Five roles by Nutan that show the range she was capable of

These films made the yesteryear actress head and shoulders above not only her contemporaries but all those who followed

Shantanu Ray Chaudhuri Calcutta Published 21.02.23, 05:12 PM
A still of Nutan from Sujata.

A still of Nutan from Sujata. File Photo

As late as December 2021, a leading journal listed the 10 best actresses of Hindi cinema. Mind you, this is 10 ‘best’ actresses – not most glamorous or beautiful or successful. The list included the usual suspects — Madhubala, Nargis, Meena Kumari, Hema Malini, Rekha – each with their trademark media epithets, the ‘most beautiful’, the ‘tragedy queen’, the ‘dream girl’, the ‘diva’. It also had surprising inclusions like Sridevi, Aishwarya Rai, Madhuri Dixit, Kajol and Deepika Padukone. Surprising primarily because of the glaring omissions – Waheeda Rehman, Vyjayanthimala, Jaya Bhaduri, Sharmila Tagore, Rakhee and, above all, Nutan.

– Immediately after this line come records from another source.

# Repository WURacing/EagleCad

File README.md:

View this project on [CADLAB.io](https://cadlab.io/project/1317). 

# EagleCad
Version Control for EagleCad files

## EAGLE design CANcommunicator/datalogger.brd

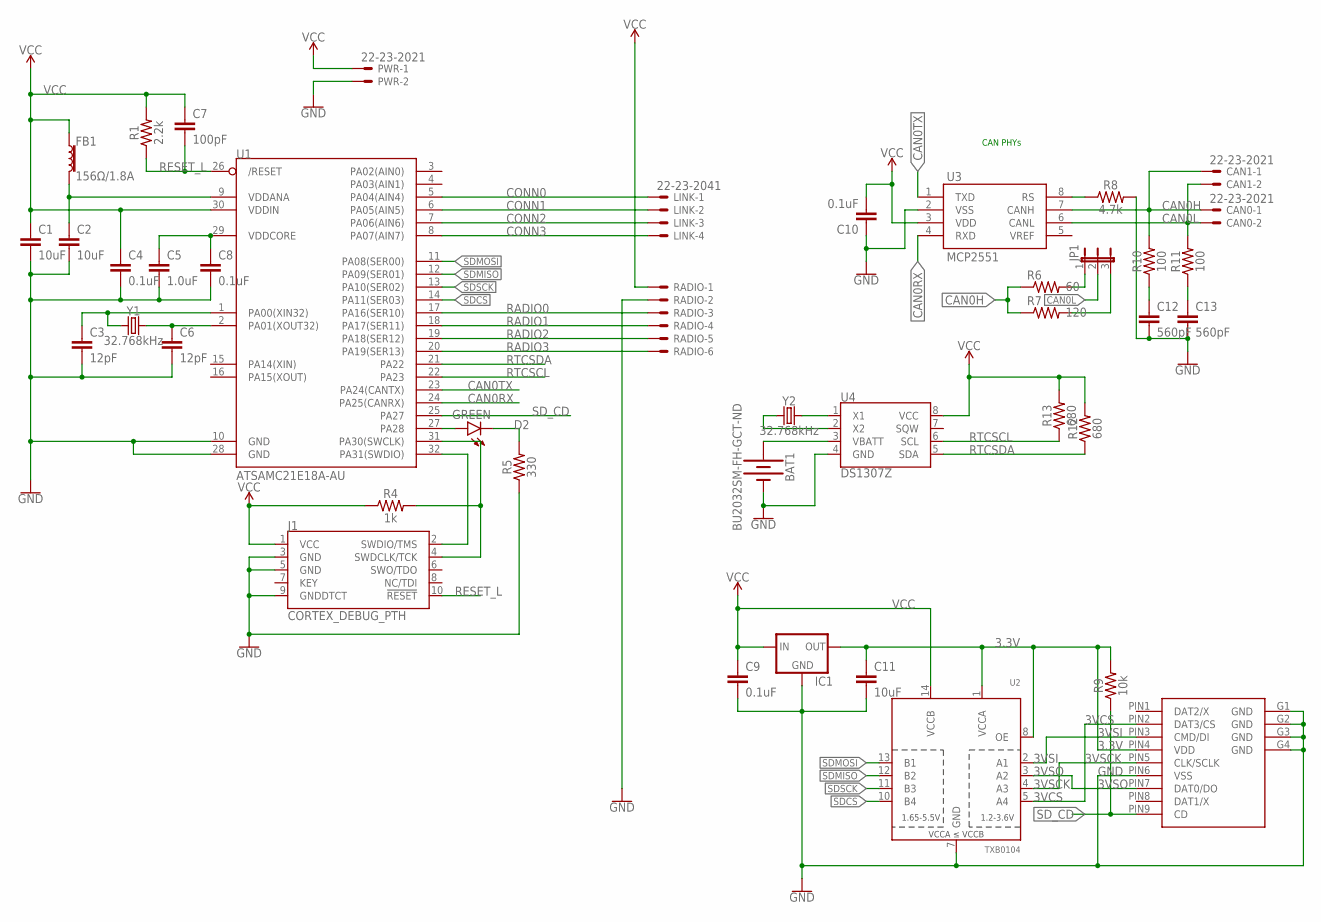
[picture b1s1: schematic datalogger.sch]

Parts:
BAT1: BU2032SM-FH-GCT-ND; BAT_BU2032SM-BT-GTR
C1, C2, C11: 10uF; 0603
C3, C6: 12pF; 0603
C4, C8, C9, C10: 0.1uF; 0603
C5: 1.0uF; 0603
C7: 100pF; 0603
C12, C13: 560pF; 0603
CAN0, CAN1: 22-23-2021
D2: GREEN; LED_3MM
FB1: 156Ω/1.8A; 0603
IC1: 78LXX
J1: CORTEX_DEBUG_PTH; 2X5-PTH-1.27MM
JP1: JP2E; JP2
LINK: 22-23-2041
PWR: 22-23-2021
R1: 2.2k; 0603
R4: 1k; 0603
R5: 330; 0603
R6: 60; R0603
R7: 120; R0603
R8: 4.7k; 0603
R9: 10k; 0603
R10, R11: 100; 0603
R12, R13: 680; 0603
RADIO: 22-23-2061
SD1: WM14405CT-ND; 1051620001-SMD
U1: ATSAMC21E18A-AU; TQFP32-08
U2: TXB0104; TSSOP14
U3: MCP2551; SO08
U4: DS1307Z; SO08-0.15
Y1, Y2: 32.768kHz; CRYSTAL-PTH-2X6-CYL

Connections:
3.3V: C11.1, IC1.OUT, R9.2, SD1.PIN4 (VDD), U2.1 (VCCA), U2.8 (OE)
3VCS: SD1.PIN2 (DAT3/CS), U2.5 (A4)
3VSCK: SD1.PIN5 (CLK/SCLK), U2.4 (A3)
3VSI: SD1.PIN3 (CMD/DI), U2.2 (A1)
3VSO: SD1.PIN7 (DAT0/DO), U2.3 (A2)
C1HRC: C12.1, R10.1
C1LRC: C13.1, R11.1
C1RS: R8.1, U3.8 (RS)
CAN0H: CAN0.1, CAN1.1, R6.1, R7.1, R10.2, U3.7 (CANH)
CAN0L: CAN0.2, CAN1.2, JP1.2, R11.2, U3.6 (CANL)
CAN0RX: U1.24 (PA25(CANRX)), U3.4 (RXD)
CAN0TX: U1.23 (PA24(CANTX)), U3.1 (TXD)
CONN0: LINK.1, U1.5 (PA04(AIN4))
CONN1: LINK.2, U1.6 (PA05(AIN5))
CONN2: LINK.3, U1.7 (PA06(AIN6))
CONN3: LINK.4, U1.8 (PA07(AIN7))
GND: BAT1.2 (-), C1.2, C2.2, C3.2, C4.2, C5.2, C6.2, C8.2, C9.2, C10.1, C11.2, C12.2, C13.2, IC1.GND, J1.3 (GND), J1.5 (GND), J1.9 (GNDDTCT), PWR.2, R5.1, R8.2, RADIO.2, SD1.G1 (GND), SD1.G2 (GND), SD1.G3 (GND), SD1.G4 (GND), SD1.PIN6 (VSS), U1.10 (GND), U1.28 (GND), U2.7 (GND), U3.2 (VSS), U4.4 (GND)
LEDA: D2.A, U1.27 (PA28)
LEDC: D2.K (C), R5.2
unnamed: BAT1.1 (+), U4.3 (VBATT)
unnamed: U4.1 (X1), Y2.2
unnamed: JP1.1, R6.2
unnamed: U4.2 (X2), Y2.1
unnamed: JP1.3, R7.2
RADIO0: RADIO.3, U1.17 (PA16(SER10))
RADIO1: RADIO.4, U1.18 (PA17(SER11))
RADIO2: RADIO.5, U1.19 (PA18(SER12))
RADIO3: RADIO.6, U1.20 (PA19(SER13))
RESET_L: C7.2, J1.10 (!RESET), R1.1, U1.26 (/RESET)
RTCSCL: R13.1, U1.22 (PA23), U4.6 (SCL)
RTCSDA: R12.1, U1.21 (PA22), U4.5 (SDA)
SDCS: U1.14 (PA11(SER03)), U2.10 (B4)
SDMISO: U1.12 (PA09(SER01)), U2.12 (B2)
SDMOSI: U1.11 (PA08(SER00)), U2.13 (B1)
SDSCK: U1.13 (PA10(SER02)), U2.11 (B3)
SD_CD: R9.1, SD1.PIN9 (CD), U1.25 (PA27)
SWDCLK: J1.4 (SWDCLK/TCK), R4.2, U1.31 (PA30(SWCLK))
SWDIO: J1.2 (SWDIO/TMS), U1.32 (PA31(SWDIO))
VCC: C1.1, C4.1, C7.1, C9.1, C10.2, FB1.1, IC1.IN, J1.1 (VCC), PWR.1, R1.2, R4.1, R12.2, R13.2, RADIO.1, U1.30 (VDDIN), U2.14 (VCCB), U3.3 (VDD), U4.8 (VCC)
VDDANA1: C2.1, FB1.2, U1.9 (VDDANA)
VDDCORE: C5.1, C8.1, U1.29 (VDDCORE)
XIN32: C3.1, U1.1 (PA00(XIN32)), Y1.1
XOUT32: C6.1, U1.2 (PA01(XOUT32)), Y1.2

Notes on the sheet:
CAN PHYs

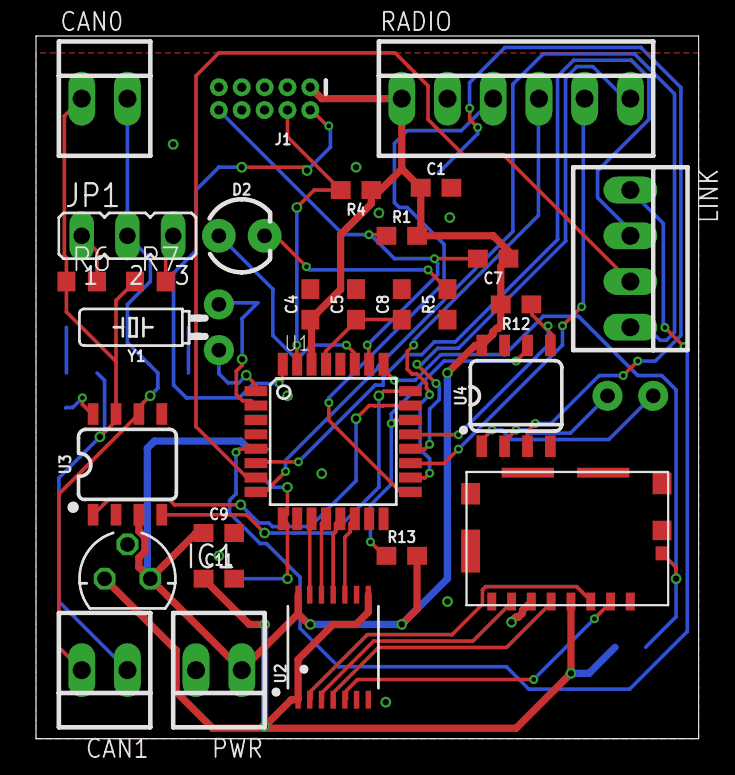
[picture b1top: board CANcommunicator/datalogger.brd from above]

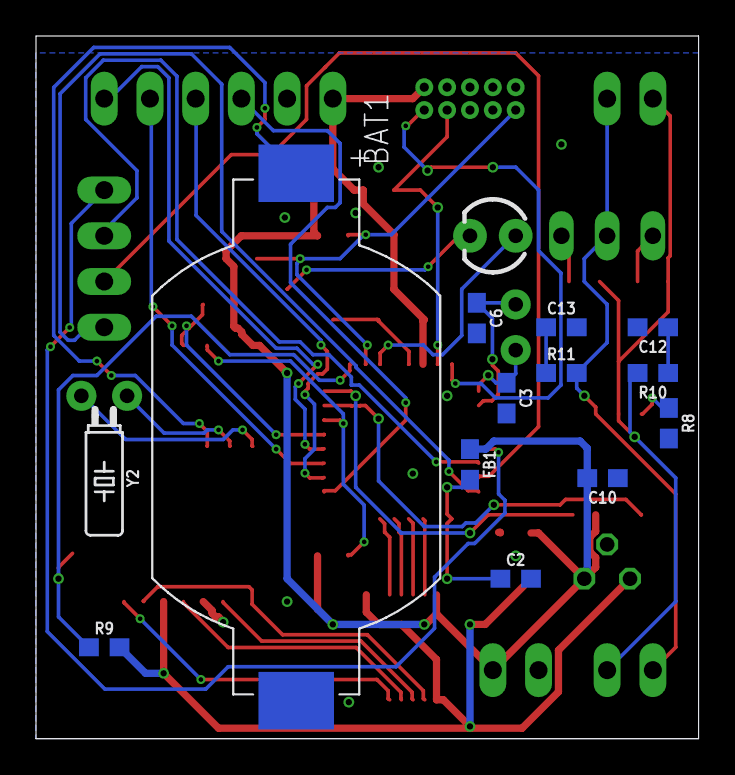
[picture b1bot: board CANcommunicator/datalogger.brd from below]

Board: 2 copper layers, 36.8 x 39.0 mm, 42 parts (13 on the bottom side), 43 nets.

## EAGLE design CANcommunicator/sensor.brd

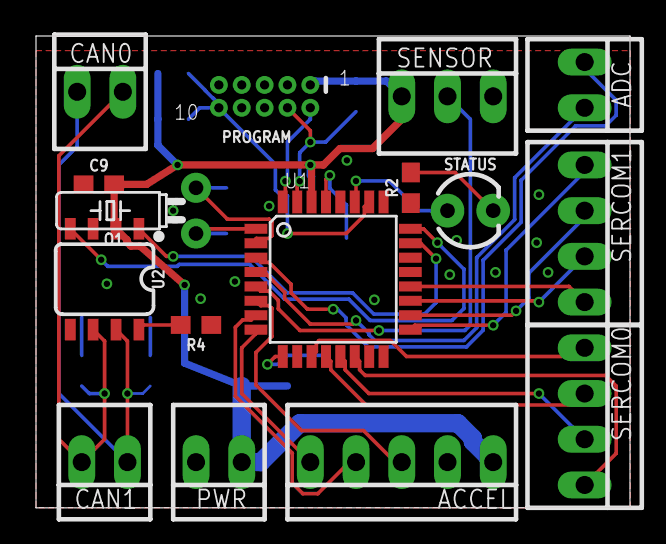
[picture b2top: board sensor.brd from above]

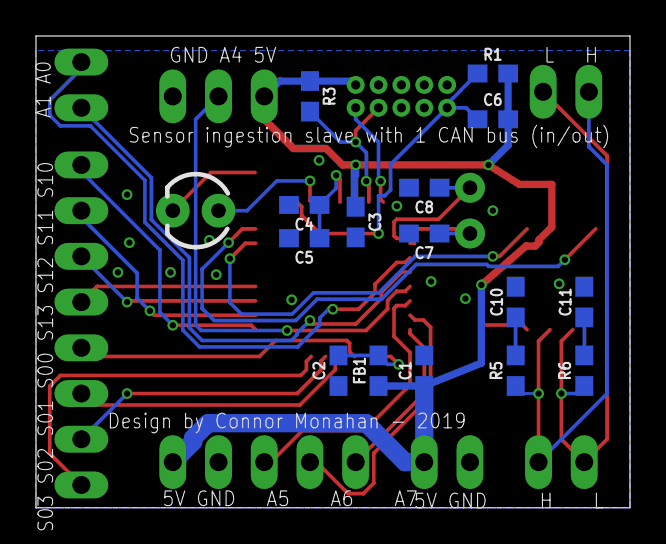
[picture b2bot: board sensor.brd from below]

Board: 2 copper layers, 33.0 x 26.2 mm, 31 parts (15 on the bottom side), 32 nets.

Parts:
ACCEL: 22-23-2051
ADC: 22-23-2021
C1, C2: 10uF; 0603
C3, C5, C9: 0.1uF; 0603
C4: 1.0uF; 0603
C6: 100pF; 0603
C7, C8: 12pF; 0603
C10, C11: 560pF; 0603
CAN0, CAN1: 22-23-2021
FB1: 156Ω/1.8A; 0603
O1: 32.768kHz; CRYSTAL-PTH-2X6-CYL
PROGRAM: CORTEX_DEBUG_PTH; 2X5-PTH-1.27MM
PWR: 22-23-2021
R1: 2.2k; 0603
R2: 330; 0603
R3: 1k; 0603
R4: 4.7k; 0603
R5, R6: 100; 0603
SENSOR: 22-23-2031
SERCOM0, SERCOM1: 22-23-2041
STATUS: GREEN; LED_3MM
U1: ATSAMC21E18A-AU; TQFP32-08
U2: MCP2551; SO08

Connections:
A0: ADC.1, U1.3
A1: ADC.2, U1.4
A4: SENSOR.2, U1.5
A5: ACCEL.3, U1.6
A6: ACCEL.4, U1.7
A7: ACCEL.5, U1.8
C1HRC: C10.1, R5.1
C1LRC: C11.1, R6.1
C1RS: R4.1, U2.8
CAN1H: CAN0.1, CAN1.1, R5.2, U2.7
CAN1L: CAN0.2, CAN1.2, R6.2, U2.6
CAN1RX: U1.24, U2.4
CAN1TX: U1.23, U2.1
GND: ACCEL.2, C1.2, C2.2, C3.2, C4.2, C5.2, C7.2, C8.2, C9.1, C10.2, C11.2, PROGRAM.3, PROGRAM.5, PROGRAM.9, PWR.2, R2.1, R4.2, SENSOR.3, U1.10, U1.28, U2.3
LEDA: STATUS.A, U1.27
LEDC: R2.2, STATUS.K
RESET_L: C6.2, PROGRAM.10, R1.1, U1.26
S00: SERCOM0.1, U1.11
S01: SERCOM0.2, U1.12
S02: SERCOM0.3, U1.13
S03: SERCOM0.4, U1.14
S10: SERCOM1.1, U1.17
S11: SERCOM1.2, U1.18
S12: SERCOM1.3, U1.19
S13: SERCOM1.4, U1.20
SWDCLK: PROGRAM.4, R3.2, U1.31
SWDIO: PROGRAM.2, U1.32
VCC: ACCEL.1, C1.1, C3.1, C6.1, C9.2, FB1.1, PROGRAM.1, PWR.1, R1.2, R3.1, SENSOR.1, U1.30, U2.2
VDDANA: C2.1, FB1.2, U1.9
VDDCORE: C4.1, C5.1, U1.29
XIN32: C7.1, O1.1, U1.1
XOUT32: C8.1, O1.2, U1.2

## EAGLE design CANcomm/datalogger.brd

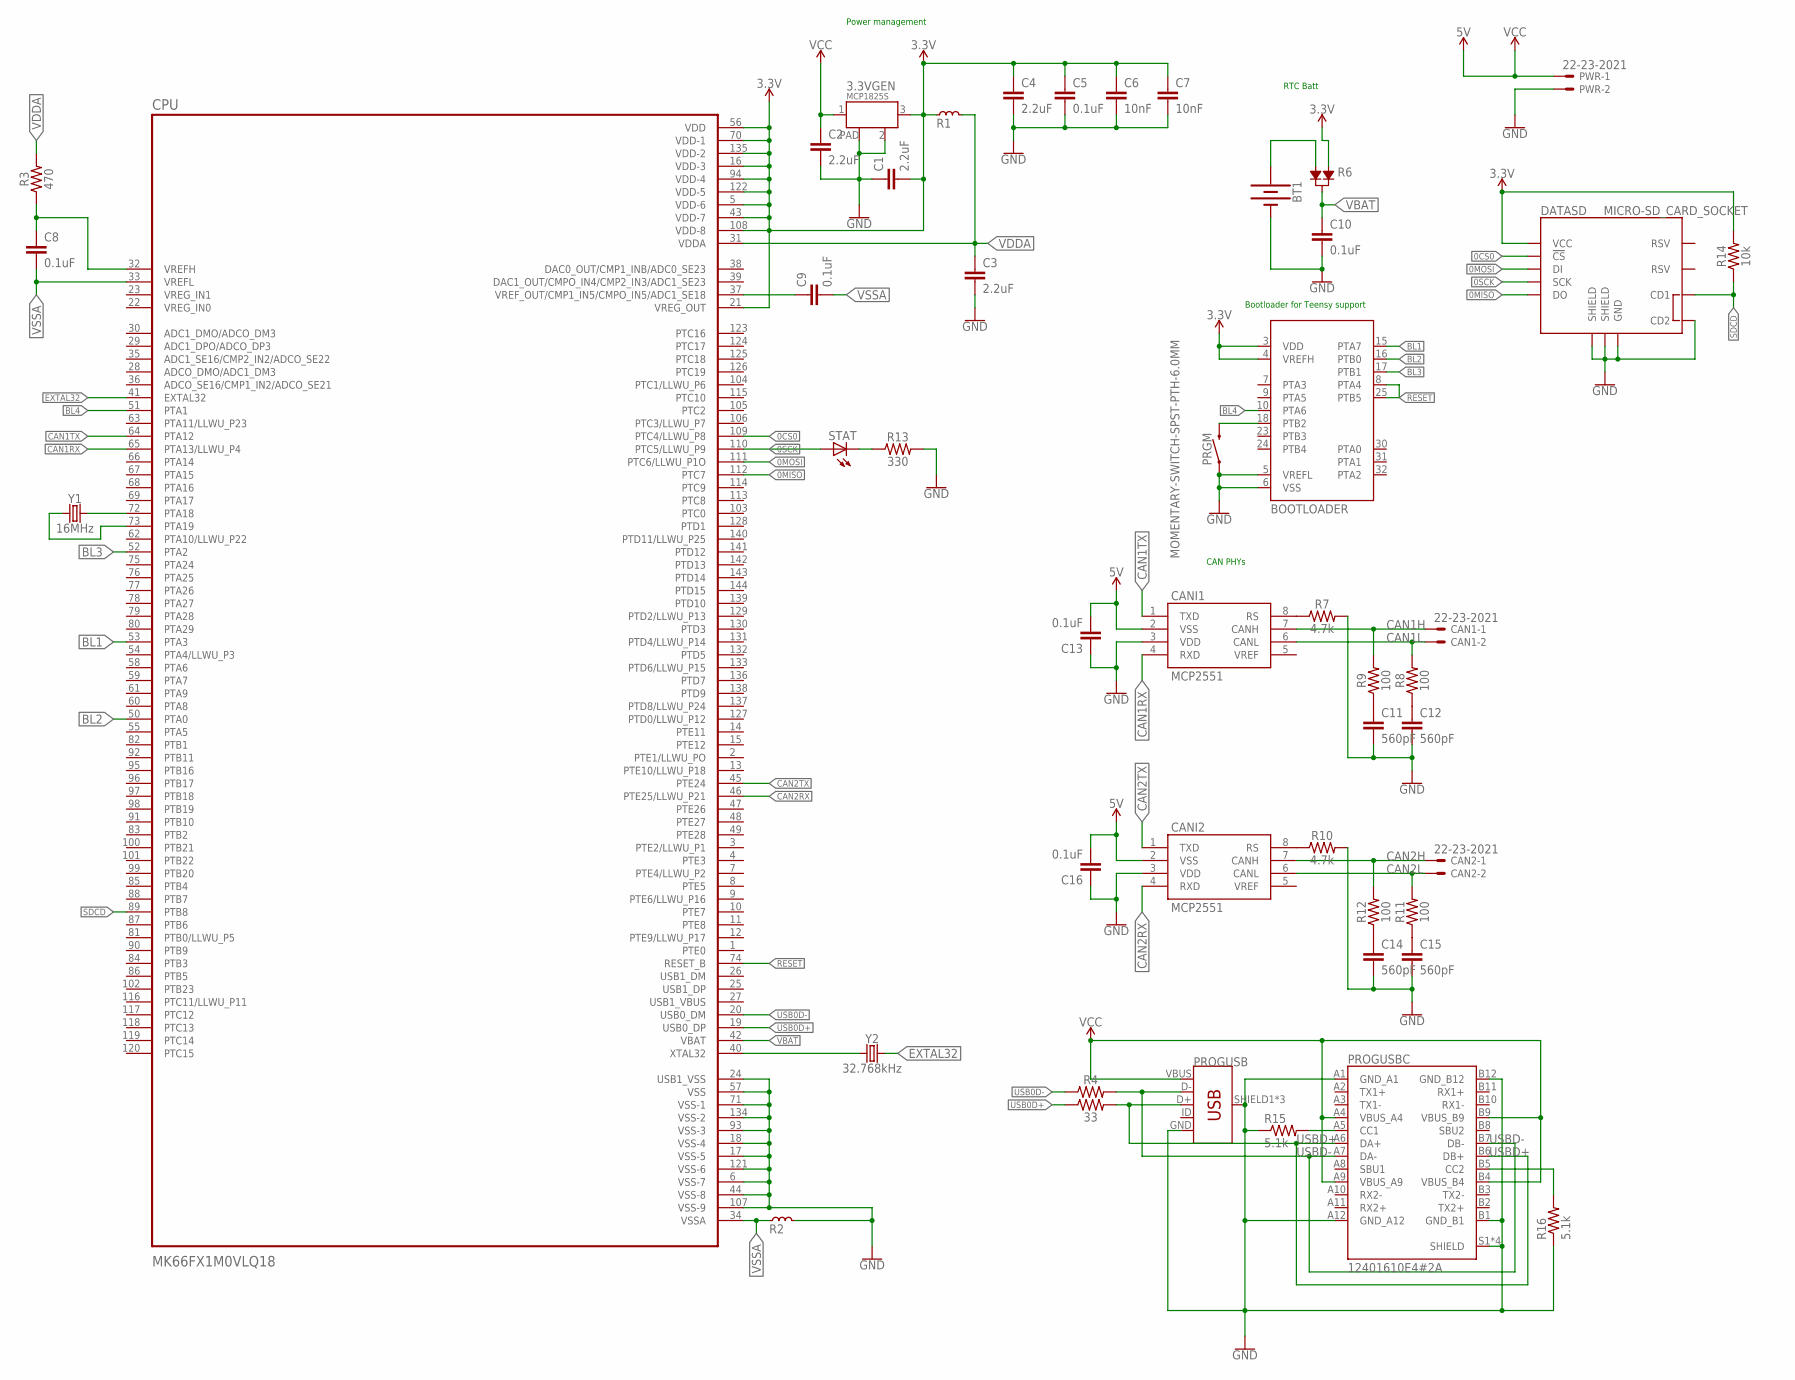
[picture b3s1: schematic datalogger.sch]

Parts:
3.3VGEN: MCP1825S; SOT-223
BOOTLOADER: MKL04Z32VLC4; LQFP32-08
BT1: BATTERY-20MM_SMD_4LEGS; BATTCON_20MM_4LEGS
C1, C2, C3, C4: 2.2uF; 0603
C5, C8, C9, C10, C13, C16: 0.1uF; 0603
C6, C7: 10nF; 0603
C11, C12, C14, C15: 560pF; 0603
CAN1, CAN2: 22-23-2021
CANI1, CANI2: MCP2551; SO08
CPU: MK66FX1M0VLQ18; QFP50P2200X2200X160-144N
DATASD: MICRO-SD_CARD_SOCKET; MICRO-SD-SOCKET
PRGM: MOMENTARY-SWITCH-SPST-PTH-6.0MM; TACTILE_SWITCH_PTH_6.0MM
PROGUSB: USB_MICRO-B_FEMALE-SMT; USB-B-MICRO-SMD
PROGUSBC: 12401610E4#2A; AMPHENOL_12401610E4#2A
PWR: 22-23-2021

Nutan essayed a range of roles that measured up both critically and as a star. If she is the consummate picture of anguish in Saraswatichandra, she sashayed with infectious joie de vivre in ‘Chhor do aanchal’ (Paying Guest). She was as at ease with the soulful ‘Saawan ka mahina’ (Milan) as she was matching Kishore Kumar expression for expression in the madcap ditty ‘C-a-t, cat mane billi’ (Dilli Ka Thug). In these five films, Nutan provides a glimpse of the range she was capable of, one that made her head and shoulders above not only her contemporaries but all those who followed.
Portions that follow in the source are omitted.